— ACTIVITY —
Check the entries below and say how many lines include the word "mode". No other text is wanted.

Start of MATERIALS PROVIDED

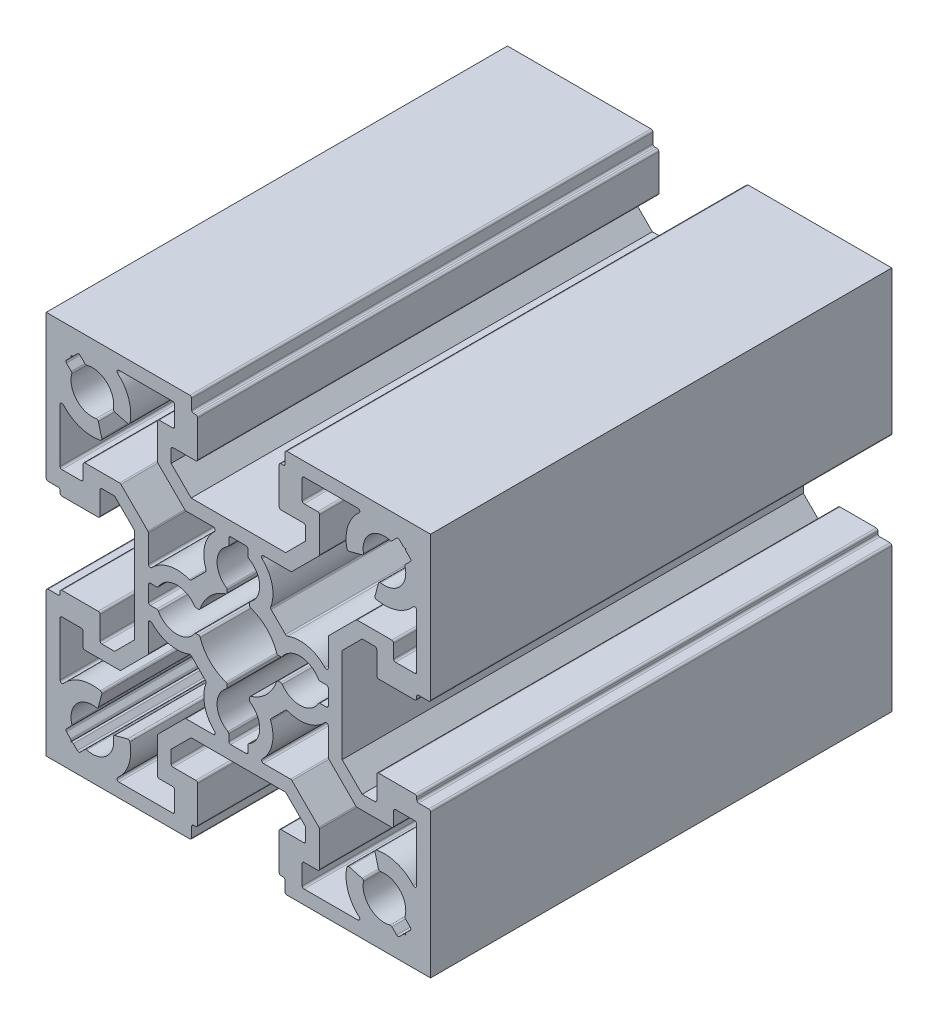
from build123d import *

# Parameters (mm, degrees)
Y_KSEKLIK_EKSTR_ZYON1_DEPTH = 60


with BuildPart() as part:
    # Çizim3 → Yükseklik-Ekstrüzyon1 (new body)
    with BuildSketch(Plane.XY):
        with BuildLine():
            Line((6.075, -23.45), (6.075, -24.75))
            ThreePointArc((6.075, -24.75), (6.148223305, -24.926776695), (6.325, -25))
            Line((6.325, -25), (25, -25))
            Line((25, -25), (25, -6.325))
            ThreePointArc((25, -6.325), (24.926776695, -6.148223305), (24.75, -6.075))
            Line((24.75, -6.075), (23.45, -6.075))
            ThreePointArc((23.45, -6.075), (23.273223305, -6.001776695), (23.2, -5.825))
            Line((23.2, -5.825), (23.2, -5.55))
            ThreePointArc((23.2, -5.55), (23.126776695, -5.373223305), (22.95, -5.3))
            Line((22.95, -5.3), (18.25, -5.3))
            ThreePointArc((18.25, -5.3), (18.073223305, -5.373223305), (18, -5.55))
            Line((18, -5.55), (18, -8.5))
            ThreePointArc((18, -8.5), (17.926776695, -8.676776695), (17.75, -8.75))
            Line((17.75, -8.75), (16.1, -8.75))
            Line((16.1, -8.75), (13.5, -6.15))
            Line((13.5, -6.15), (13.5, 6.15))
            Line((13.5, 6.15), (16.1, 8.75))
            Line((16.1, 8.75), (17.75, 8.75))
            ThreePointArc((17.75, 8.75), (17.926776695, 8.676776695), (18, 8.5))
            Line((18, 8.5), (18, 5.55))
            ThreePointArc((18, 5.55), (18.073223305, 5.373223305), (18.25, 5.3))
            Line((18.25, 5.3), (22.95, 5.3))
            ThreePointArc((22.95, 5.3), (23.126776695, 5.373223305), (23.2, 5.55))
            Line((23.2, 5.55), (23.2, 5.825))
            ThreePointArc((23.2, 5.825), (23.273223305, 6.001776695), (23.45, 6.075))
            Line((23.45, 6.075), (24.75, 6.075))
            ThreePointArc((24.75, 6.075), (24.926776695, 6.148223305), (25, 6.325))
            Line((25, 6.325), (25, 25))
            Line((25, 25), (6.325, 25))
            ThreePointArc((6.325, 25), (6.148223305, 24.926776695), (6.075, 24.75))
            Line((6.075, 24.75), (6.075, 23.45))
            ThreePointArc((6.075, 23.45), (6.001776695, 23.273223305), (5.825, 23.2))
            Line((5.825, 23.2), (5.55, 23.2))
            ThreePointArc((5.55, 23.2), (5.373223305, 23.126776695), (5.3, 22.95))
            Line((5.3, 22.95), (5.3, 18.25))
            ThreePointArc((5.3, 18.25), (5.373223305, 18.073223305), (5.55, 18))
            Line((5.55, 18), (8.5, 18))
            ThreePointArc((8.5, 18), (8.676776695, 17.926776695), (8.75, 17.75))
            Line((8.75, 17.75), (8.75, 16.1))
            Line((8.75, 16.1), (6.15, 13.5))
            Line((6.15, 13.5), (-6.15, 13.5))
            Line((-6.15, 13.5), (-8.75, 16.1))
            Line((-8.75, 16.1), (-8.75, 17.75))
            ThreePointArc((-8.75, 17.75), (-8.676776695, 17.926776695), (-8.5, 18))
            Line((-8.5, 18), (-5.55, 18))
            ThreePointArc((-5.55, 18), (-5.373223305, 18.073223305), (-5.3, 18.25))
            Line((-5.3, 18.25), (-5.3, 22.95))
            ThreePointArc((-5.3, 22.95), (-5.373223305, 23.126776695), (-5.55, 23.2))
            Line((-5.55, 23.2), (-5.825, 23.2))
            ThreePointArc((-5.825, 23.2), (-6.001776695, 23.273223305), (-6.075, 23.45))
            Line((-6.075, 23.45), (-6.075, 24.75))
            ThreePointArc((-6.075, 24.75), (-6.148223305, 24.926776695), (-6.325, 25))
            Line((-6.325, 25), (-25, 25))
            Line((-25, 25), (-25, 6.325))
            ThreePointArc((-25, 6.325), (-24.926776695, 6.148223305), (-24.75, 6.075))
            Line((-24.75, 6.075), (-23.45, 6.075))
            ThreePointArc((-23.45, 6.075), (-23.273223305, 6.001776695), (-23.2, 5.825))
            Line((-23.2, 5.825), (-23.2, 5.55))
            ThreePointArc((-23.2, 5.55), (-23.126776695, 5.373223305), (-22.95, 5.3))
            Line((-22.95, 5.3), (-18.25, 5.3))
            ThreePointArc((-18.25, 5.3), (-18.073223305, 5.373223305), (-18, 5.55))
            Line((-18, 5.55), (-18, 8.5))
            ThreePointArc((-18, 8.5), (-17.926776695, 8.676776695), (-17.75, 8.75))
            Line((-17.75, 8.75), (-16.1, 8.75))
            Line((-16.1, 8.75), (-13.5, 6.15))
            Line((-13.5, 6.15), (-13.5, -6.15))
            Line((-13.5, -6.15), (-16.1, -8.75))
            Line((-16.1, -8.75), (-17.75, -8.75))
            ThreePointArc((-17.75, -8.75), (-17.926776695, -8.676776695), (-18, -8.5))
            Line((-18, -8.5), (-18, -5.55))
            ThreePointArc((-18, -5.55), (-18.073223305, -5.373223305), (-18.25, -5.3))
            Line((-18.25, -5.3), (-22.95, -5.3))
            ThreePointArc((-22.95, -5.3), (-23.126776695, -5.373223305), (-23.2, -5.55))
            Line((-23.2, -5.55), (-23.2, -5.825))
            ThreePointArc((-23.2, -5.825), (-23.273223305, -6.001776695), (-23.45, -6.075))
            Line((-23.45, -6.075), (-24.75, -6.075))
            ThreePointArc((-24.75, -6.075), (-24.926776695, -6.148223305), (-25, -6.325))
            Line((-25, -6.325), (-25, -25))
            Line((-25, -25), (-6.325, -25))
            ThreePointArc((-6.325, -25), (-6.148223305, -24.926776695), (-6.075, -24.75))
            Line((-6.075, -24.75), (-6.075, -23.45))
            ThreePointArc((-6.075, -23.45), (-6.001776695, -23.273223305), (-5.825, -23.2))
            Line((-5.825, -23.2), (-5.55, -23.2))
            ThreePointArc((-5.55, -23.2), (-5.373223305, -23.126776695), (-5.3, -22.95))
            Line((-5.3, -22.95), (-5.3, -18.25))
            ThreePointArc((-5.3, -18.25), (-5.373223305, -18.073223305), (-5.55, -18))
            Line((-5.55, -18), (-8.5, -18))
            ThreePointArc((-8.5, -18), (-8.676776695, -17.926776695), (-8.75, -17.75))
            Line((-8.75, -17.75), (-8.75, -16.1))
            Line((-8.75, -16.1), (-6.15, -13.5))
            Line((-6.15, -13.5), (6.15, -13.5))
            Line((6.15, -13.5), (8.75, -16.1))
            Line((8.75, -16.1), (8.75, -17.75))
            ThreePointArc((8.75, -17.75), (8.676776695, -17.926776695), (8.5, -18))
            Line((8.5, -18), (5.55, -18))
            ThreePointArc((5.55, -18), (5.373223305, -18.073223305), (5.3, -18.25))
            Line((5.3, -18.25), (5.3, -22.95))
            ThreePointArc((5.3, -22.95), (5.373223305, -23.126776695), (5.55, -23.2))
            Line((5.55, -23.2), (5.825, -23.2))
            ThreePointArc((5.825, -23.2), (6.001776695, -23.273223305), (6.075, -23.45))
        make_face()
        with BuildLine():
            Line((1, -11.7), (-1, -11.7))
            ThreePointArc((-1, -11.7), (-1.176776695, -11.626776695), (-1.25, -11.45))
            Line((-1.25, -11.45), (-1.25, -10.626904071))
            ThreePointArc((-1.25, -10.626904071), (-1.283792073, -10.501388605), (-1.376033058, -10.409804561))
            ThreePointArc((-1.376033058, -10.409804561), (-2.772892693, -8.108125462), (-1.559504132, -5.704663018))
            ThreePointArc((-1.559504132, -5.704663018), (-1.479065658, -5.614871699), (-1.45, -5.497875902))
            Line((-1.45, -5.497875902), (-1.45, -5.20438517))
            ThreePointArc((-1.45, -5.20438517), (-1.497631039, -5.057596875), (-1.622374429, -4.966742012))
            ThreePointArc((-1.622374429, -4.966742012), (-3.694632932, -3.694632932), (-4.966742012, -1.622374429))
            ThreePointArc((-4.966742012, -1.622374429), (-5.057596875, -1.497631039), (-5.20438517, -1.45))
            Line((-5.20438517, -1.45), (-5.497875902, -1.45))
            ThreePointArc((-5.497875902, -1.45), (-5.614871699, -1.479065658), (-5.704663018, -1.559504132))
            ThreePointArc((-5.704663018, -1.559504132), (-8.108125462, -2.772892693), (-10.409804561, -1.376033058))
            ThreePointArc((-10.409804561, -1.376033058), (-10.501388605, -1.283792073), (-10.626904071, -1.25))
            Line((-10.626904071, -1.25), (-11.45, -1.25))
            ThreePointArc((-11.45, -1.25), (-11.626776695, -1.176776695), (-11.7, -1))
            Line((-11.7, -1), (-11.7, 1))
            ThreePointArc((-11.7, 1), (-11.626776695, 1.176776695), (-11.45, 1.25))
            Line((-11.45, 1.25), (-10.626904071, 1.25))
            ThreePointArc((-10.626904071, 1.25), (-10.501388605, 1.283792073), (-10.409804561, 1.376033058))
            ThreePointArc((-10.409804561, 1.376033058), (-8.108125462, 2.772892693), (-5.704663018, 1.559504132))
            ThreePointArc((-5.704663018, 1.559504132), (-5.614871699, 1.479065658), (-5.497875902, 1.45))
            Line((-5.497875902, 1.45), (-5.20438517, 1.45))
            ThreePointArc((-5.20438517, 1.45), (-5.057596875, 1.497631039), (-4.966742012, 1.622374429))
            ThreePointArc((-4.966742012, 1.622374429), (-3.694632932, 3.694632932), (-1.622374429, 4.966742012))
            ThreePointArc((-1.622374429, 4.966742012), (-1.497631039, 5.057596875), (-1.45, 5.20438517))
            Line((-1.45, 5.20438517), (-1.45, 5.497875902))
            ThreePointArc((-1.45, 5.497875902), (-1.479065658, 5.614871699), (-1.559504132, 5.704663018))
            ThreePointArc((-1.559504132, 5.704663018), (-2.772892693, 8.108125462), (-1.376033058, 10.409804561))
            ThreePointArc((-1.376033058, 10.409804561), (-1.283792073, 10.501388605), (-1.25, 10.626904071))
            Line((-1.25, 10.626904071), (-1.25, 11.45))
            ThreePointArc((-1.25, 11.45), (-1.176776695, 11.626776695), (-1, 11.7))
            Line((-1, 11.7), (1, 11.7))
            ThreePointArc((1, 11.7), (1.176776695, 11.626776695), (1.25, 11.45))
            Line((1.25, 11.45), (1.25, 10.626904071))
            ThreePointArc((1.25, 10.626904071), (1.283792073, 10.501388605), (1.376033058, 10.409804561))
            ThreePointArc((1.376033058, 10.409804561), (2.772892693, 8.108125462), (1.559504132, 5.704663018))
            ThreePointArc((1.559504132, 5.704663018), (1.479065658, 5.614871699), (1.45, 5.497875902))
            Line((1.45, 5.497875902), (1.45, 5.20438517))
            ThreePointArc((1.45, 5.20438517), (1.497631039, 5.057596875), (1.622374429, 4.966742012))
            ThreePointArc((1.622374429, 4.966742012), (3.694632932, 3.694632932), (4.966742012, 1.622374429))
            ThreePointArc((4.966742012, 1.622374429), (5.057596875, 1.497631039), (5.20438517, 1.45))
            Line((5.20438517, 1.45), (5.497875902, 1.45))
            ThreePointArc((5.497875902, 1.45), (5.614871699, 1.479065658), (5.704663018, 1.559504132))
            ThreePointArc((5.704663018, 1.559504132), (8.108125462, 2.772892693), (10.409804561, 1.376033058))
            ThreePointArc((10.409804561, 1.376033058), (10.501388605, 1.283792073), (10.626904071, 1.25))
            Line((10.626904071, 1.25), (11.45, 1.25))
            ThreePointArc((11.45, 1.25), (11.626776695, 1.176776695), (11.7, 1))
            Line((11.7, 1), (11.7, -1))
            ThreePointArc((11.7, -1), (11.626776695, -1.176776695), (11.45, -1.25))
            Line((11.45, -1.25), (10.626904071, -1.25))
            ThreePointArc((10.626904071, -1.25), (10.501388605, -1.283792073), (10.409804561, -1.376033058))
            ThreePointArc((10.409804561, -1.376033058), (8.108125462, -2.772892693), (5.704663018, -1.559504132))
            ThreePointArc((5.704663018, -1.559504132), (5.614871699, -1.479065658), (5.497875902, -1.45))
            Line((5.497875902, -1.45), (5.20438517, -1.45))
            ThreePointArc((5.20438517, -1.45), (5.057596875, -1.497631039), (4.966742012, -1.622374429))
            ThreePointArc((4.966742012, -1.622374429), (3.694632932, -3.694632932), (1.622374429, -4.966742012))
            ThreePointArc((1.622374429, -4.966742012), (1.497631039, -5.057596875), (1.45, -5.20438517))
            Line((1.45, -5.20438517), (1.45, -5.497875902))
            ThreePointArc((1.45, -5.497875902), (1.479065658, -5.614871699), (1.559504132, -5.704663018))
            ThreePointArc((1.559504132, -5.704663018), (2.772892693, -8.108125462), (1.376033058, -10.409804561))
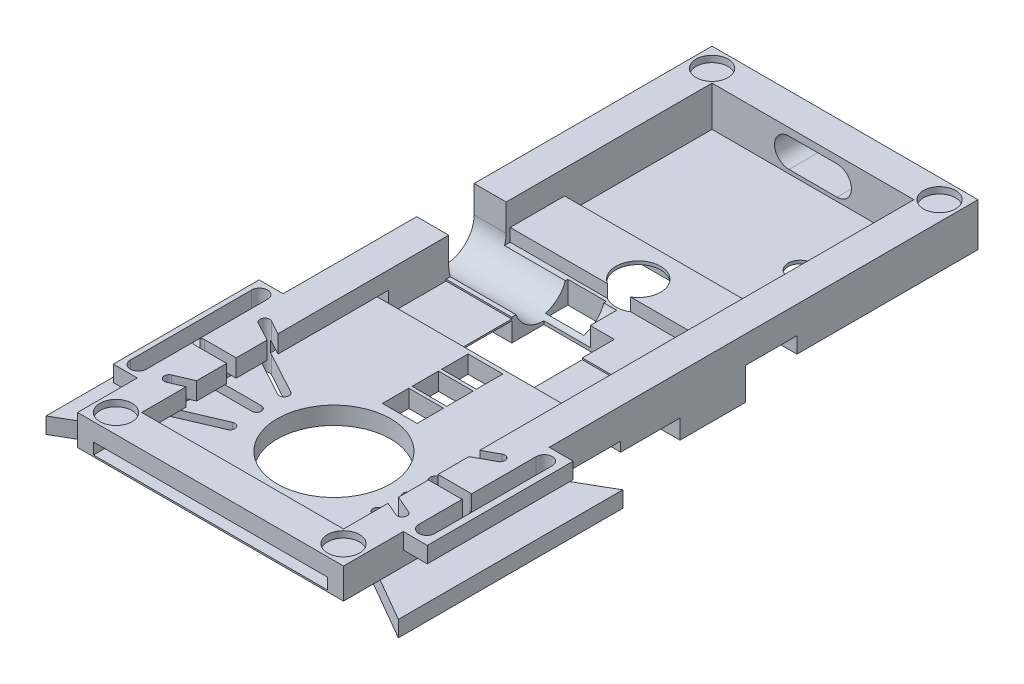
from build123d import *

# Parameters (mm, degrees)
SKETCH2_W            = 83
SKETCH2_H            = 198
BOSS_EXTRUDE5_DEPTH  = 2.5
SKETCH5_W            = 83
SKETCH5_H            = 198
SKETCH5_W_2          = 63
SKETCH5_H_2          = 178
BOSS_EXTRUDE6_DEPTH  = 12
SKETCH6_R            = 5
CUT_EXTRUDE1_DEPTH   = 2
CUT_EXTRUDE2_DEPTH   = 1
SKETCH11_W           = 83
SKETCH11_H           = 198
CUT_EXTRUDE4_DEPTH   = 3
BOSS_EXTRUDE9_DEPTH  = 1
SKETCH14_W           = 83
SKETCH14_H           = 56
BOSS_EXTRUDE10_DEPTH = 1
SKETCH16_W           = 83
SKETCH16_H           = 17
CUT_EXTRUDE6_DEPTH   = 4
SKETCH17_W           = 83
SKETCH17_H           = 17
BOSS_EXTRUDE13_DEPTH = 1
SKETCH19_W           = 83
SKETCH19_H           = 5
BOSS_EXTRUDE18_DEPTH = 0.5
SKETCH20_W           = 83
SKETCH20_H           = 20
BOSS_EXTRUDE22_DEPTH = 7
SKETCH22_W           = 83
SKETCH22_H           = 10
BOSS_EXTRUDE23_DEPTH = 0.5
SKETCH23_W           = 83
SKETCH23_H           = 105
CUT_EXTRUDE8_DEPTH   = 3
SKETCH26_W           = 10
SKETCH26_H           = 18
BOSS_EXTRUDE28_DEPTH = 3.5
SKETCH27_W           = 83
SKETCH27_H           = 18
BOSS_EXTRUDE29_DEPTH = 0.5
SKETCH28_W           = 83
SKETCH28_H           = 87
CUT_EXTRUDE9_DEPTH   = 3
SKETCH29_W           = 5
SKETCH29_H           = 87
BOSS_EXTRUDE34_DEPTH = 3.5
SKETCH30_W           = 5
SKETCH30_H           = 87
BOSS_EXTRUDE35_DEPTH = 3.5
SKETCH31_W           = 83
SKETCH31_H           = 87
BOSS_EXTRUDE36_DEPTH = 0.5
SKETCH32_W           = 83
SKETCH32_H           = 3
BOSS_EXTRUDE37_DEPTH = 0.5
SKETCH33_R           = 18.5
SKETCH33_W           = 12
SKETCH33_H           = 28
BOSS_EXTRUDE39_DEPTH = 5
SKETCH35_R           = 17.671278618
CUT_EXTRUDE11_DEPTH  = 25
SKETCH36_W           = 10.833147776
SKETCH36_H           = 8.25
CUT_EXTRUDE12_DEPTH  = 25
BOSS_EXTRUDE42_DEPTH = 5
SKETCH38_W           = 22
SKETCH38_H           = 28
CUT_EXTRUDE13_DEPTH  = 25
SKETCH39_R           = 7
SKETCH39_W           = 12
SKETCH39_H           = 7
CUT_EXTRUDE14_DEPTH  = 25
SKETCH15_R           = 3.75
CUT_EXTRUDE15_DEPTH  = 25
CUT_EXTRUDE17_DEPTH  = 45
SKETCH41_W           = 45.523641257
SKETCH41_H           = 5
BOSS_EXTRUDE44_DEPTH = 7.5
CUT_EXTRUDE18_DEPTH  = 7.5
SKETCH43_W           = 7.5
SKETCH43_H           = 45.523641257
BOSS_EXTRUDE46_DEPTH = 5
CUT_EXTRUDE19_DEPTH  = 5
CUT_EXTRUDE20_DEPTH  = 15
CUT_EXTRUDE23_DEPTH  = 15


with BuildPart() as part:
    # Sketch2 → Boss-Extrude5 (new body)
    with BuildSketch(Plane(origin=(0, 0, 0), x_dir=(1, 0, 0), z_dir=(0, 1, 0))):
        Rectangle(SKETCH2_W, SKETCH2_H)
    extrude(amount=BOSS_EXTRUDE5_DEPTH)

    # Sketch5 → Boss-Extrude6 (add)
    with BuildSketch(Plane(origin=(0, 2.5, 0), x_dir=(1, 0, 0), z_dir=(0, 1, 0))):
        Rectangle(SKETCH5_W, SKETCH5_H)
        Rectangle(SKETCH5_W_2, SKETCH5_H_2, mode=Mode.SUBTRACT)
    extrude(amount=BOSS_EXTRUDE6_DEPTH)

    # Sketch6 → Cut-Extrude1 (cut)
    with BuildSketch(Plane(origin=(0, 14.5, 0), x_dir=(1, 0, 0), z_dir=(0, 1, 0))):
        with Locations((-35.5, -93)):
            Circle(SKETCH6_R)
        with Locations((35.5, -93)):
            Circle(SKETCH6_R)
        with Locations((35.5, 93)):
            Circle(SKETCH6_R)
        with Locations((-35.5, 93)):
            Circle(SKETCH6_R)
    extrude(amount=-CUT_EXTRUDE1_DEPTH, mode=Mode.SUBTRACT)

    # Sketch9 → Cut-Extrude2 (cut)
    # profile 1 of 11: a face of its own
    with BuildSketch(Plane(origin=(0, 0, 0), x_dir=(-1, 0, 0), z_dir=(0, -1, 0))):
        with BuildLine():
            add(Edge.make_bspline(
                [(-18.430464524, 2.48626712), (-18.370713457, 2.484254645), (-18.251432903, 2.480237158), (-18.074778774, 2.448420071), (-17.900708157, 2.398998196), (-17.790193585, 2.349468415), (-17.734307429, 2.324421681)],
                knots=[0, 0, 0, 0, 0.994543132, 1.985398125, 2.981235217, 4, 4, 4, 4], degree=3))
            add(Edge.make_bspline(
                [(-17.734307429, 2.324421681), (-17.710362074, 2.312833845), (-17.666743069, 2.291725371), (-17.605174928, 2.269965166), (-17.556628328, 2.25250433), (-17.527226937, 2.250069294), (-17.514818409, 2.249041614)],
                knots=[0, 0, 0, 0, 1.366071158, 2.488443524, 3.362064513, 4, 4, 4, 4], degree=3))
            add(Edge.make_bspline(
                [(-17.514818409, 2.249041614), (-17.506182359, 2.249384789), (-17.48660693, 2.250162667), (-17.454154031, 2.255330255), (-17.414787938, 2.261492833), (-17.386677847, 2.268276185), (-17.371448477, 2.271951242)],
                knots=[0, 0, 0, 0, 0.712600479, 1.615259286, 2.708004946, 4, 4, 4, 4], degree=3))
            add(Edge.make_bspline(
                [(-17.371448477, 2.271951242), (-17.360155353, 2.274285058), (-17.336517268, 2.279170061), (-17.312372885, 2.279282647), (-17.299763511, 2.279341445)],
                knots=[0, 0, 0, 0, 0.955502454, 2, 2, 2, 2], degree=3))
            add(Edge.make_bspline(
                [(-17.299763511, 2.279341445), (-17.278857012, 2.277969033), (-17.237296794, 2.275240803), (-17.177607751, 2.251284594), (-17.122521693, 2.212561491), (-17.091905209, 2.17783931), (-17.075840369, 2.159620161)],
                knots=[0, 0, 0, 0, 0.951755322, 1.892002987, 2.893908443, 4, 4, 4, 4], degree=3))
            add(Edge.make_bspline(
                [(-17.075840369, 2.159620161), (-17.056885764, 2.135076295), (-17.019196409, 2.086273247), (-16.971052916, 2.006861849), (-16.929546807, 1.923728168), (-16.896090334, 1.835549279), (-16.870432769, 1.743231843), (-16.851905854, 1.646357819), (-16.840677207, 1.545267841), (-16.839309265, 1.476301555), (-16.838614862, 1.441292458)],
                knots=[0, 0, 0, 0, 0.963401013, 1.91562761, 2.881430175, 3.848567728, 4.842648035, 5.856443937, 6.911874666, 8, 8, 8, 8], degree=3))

End of MATERIALS PROVIDED

— YOUR RESPONSE —
2